Bencana yang terjadi di Indonesia apabila kita tinjau dari perpektif theologi Islam, maka bencana tersebut tidak sekedar bencana biasa, melainkan ada nilai-nilai yang terkandung di dalamnya. Bersumber dari khazanah klasik, saya menegaskan bahwa kiamat itu ada dua yakni; kiamat kubro (besar), dan kiamat syugro (kecil). Konteks bencana yang terjadi di Indonesia ini kalau saya analisa, lebih condong yang ke dua yaitu kiamat syugro (kecil). Kiamat kecil merupakan hancurnya sebagian dari alam semesta ini. Kehancuran tersebut hanya bersifat kecil dan masih bisa untuk ditanggulangi.
Seharusnya pemerintah melakukan intropeksi diri, dan mawas diri, setiap terjadi  bencana. Bagaimanapun juga dibalik bencana tersebut tersimpan hikmah yang terpendam yang harus kita gali. Kiamat syugro (kecil) merupakan peringatan Tuhan atas umatnya, bahwasannya alam ini hanyalah bersifat sementara dan akan musnah semuanya.

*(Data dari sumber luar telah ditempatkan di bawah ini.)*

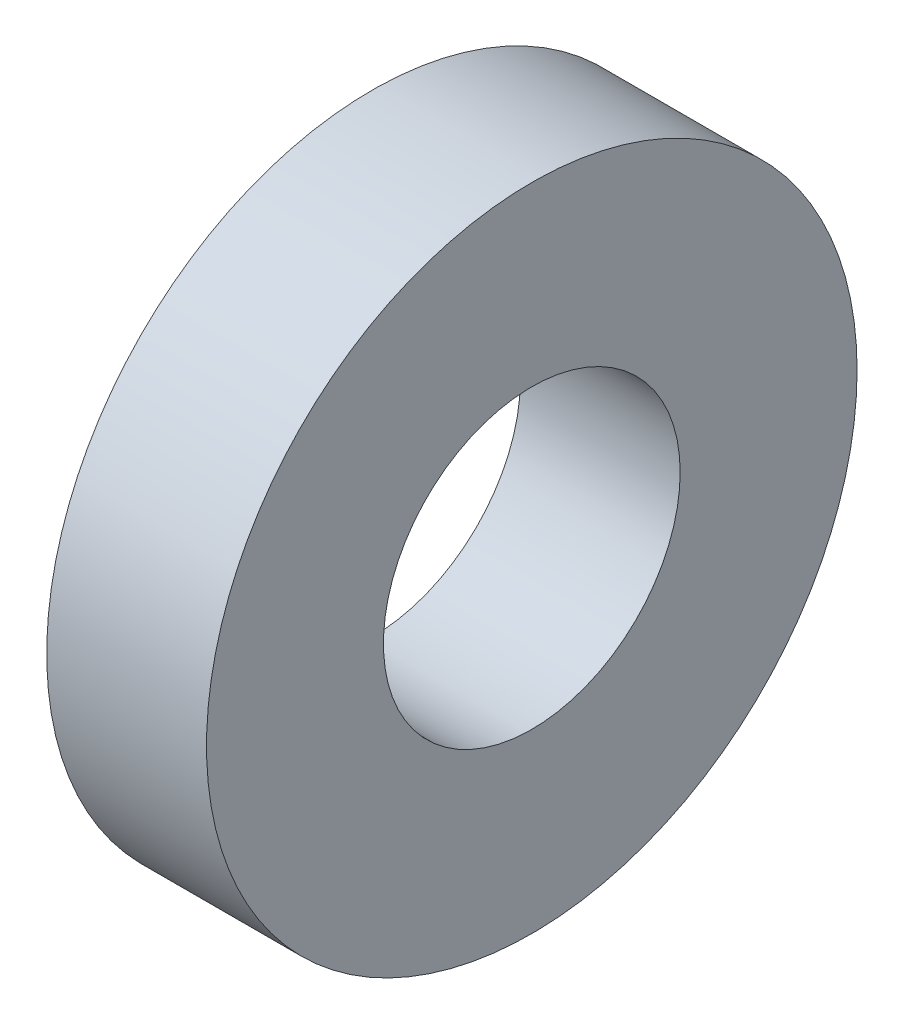
ISO-10303-21;
HEADER;
FILE_DESCRIPTION(('STEP AP214'),'2;1');
FILE_NAME('part.step','',(''),(''),'','','');
FILE_SCHEMA(('AUTOMOTIVE_DESIGN { 1 0 10303 214 1 1 1 1 }'));
ENDSEC;
DATA;
#1=APPLICATION_CONTEXT('core data for automotive mechanical design processes');
#2=APPLICATION_PROTOCOL_DEFINITION('international standard','automotive_design',2000,#1);
#3=PRODUCT_CONTEXT('',#1,'mechanical');
#4=PRODUCT('Part','Part','',(#3));
#5=PRODUCT_RELATED_PRODUCT_CATEGORY('part','',(#4));
#6=PRODUCT_DEFINITION_FORMATION('','',#4);
#7=PRODUCT_DEFINITION_CONTEXT('part definition',#1,'design');
#8=PRODUCT_DEFINITION('design','',#6,#7);
#9=PRODUCT_DEFINITION_SHAPE('','',#8);
#10=(LENGTH_UNIT() NAMED_UNIT(*) SI_UNIT(.MILLI.,.METRE.));
#11=(NAMED_UNIT(*) PLANE_ANGLE_UNIT() SI_UNIT($,.RADIAN.));
#12=(NAMED_UNIT(*) SI_UNIT($,.STERADIAN.) SOLID_ANGLE_UNIT());
#13=UNCERTAINTY_MEASURE_WITH_UNIT(LENGTH_MEASURE(1.E-05),#10,'distance_accuracy_value','');
#14=(GEOMETRIC_REPRESENTATION_CONTEXT(3) GLOBAL_UNCERTAINTY_ASSIGNED_CONTEXT((#13)) GLOBAL_UNIT_ASSIGNED_CONTEXT((#10,
#11,#12)) REPRESENTATION_CONTEXT('',''));
#15=CARTESIAN_POINT('',(0.,0.,0.));
#16=DIRECTION('',(0.,0.,1.));
#17=DIRECTION('',(1.,0.,0.));
#18=AXIS2_PLACEMENT_3D('',#15,#16,#17);
#19=CARTESIAN_POINT('',(1.778,0.,0.));
#20=DIRECTION('',(1.,0.,0.));
#21=DIRECTION('',(0.,0.,-1.));
#22=AXIS2_PLACEMENT_3D('',#19,#20,#21);
#23=PLANE('',#22);
#24=CARTESIAN_POINT('',(1.778,0.,0.));
#25=DIRECTION('',(1.,0.,0.));
#26=DIRECTION('',(0.,0.,-1.));
#27=AXIS2_PLACEMENT_3D('',#24,#25,#26);
#28=CIRCLE('',#27,3.6195);
#29=CARTESIAN_POINT('',(1.778,0.,-3.6195));
#30=VERTEX_POINT('',#29);
#31=EDGE_CURVE('E10',#30,#30,#28,.T.);
#32=ORIENTED_EDGE('',*,*,#31,.T.);
#33=EDGE_LOOP('',(#32));
#34=FACE_BOUND('',#33,.T.);
#35=CARTESIAN_POINT('',(1.778,0.,0.));
#36=DIRECTION('',(1.,0.,0.));
#37=DIRECTION('',(0.,0.,-1.));
#38=AXIS2_PLACEMENT_3D('',#35,#36,#37);
#39=CIRCLE('',#38,1.651);
#40=CARTESIAN_POINT('',(1.778,0.,-1.651));
#41=VERTEX_POINT('',#40);
#42=EDGE_CURVE('E41',#41,#41,#39,.T.);
#43=ORIENTED_EDGE('',*,*,#42,.F.);
#44=EDGE_LOOP('',(#43));
#45=FACE_BOUND('',#44,.T.);
#46=ADVANCED_FACE('F30',(#34,#45),#23,.T.);
#47=CARTESIAN_POINT('',(0.,0.,0.));
#48=DIRECTION('',(1.,0.,0.));
#49=DIRECTION('',(0.,0.,-1.));
#50=AXIS2_PLACEMENT_3D('',#47,#48,#49);
#51=PLANE('',#50);
#52=CARTESIAN_POINT('',(0.,0.,0.));
#53=DIRECTION('',(1.,0.,0.));
#54=DIRECTION('',(0.,0.,-1.));
#55=AXIS2_PLACEMENT_3D('',#52,#53,#54);
#56=CIRCLE('',#55,3.6195);
#57=CARTESIAN_POINT('',(0.,0.,-3.6195));
#58=VERTEX_POINT('',#57);
#59=EDGE_CURVE('E34',#58,#58,#56,.T.);
#60=ORIENTED_EDGE('',*,*,#59,.F.);
#61=EDGE_LOOP('',(#60));
#62=FACE_BOUND('',#61,.T.);
#63=CARTESIAN_POINT('',(0.,0.,0.));
#64=DIRECTION('',(1.,0.,0.));
#65=DIRECTION('',(0.,0.,-1.));
#66=AXIS2_PLACEMENT_3D('',#63,#64,#65);
#67=CIRCLE('',#66,1.651);
#68=CARTESIAN_POINT('',(0.,0.,-1.651));
#69=VERTEX_POINT('',#68);
#70=EDGE_CURVE('E43',#69,#69,#67,.T.);
#71=ORIENTED_EDGE('',*,*,#70,.T.);
#72=EDGE_LOOP('',(#71));
#73=FACE_BOUND('',#72,.T.);
#74=ADVANCED_FACE('F53',(#62,#73),#51,.F.);
#75=CARTESIAN_POINT('',(1.778,0.,0.));
#76=DIRECTION('',(-1.,0.,0.));
#77=DIRECTION('',(0.,0.,1.));
#78=AXIS2_PLACEMENT_3D('',#75,#76,#77);
#79=CYLINDRICAL_SURFACE('',#78,3.6195);
#80=ORIENTED_EDGE('',*,*,#31,.F.);
#81=EDGE_LOOP('',(#80));
#82=FACE_BOUND('',#81,.T.);
#83=ORIENTED_EDGE('',*,*,#59,.T.);
#84=EDGE_LOOP('',(#83));
#85=FACE_BOUND('',#84,.T.);
#86=ADVANCED_FACE('F32',(#82,#85),#79,.T.);
#87=CARTESIAN_POINT('',(1.778,0.,0.));
#88=DIRECTION('',(-1.,0.,0.));
#89=DIRECTION('',(0.,0.,1.));
#90=AXIS2_PLACEMENT_3D('',#87,#88,#89);
#91=CYLINDRICAL_SURFACE('',#90,1.651);
#92=ORIENTED_EDGE('',*,*,#42,.T.);
#93=EDGE_LOOP('',(#92));
#94=FACE_BOUND('',#93,.T.);
#95=ORIENTED_EDGE('',*,*,#70,.F.);
#96=EDGE_LOOP('',(#95));
#97=FACE_BOUND('',#96,.T.);
#98=ADVANCED_FACE('F49',(#94,#97),#91,.F.);
#99=CLOSED_SHELL('',(#46,#74,#86,#98));
#100=MANIFOLD_SOLID_BREP('B2',#99);
#101=ADVANCED_BREP_SHAPE_REPRESENTATION('',(#18,#100),#14);
#102=SHAPE_DEFINITION_REPRESENTATION(#9,#101);
ENDSEC;
END-ISO-10303-21;

Selain kiamat kecil, besok akan terjadi kiamat yang besar yaitu hancurnya seluruh alam semesta ini, dan berakirnya seluruh kehidupan. Sebagai orang yang beriman seharusnya pemerintah dan rakyat saling mensinergikan untuk melakukan intropeksi diri, sehingga mampu memperbaiki semua aspek. Logikanya peringatan itu berawal dari yang ringan terus meningkat ke yang berat. Begitu juga dengan peringatan Tuhan kepada umatnya, diperingatkan secara halus tidak bisa, maka Tuhan akan memberi peringatan yang kasar.
Konteks Indonesia korupsi telah menggurita, kriminal, maksiat merajalela, tentu ketika melihat seperti itu mungkin Tuhan murka, sehingga bencana diturunkan secara frontal. Sekarang tergantung manusianya bagaimana menyikapi peringatan Tuhan ini, apakah serius, santai, gegabah, atau bahkan acuh. Kalau bangsa ini sudah tidak mampu merespon setiap kejadian, maka bangsa ini sama dengan mengalami kematian secara majazi.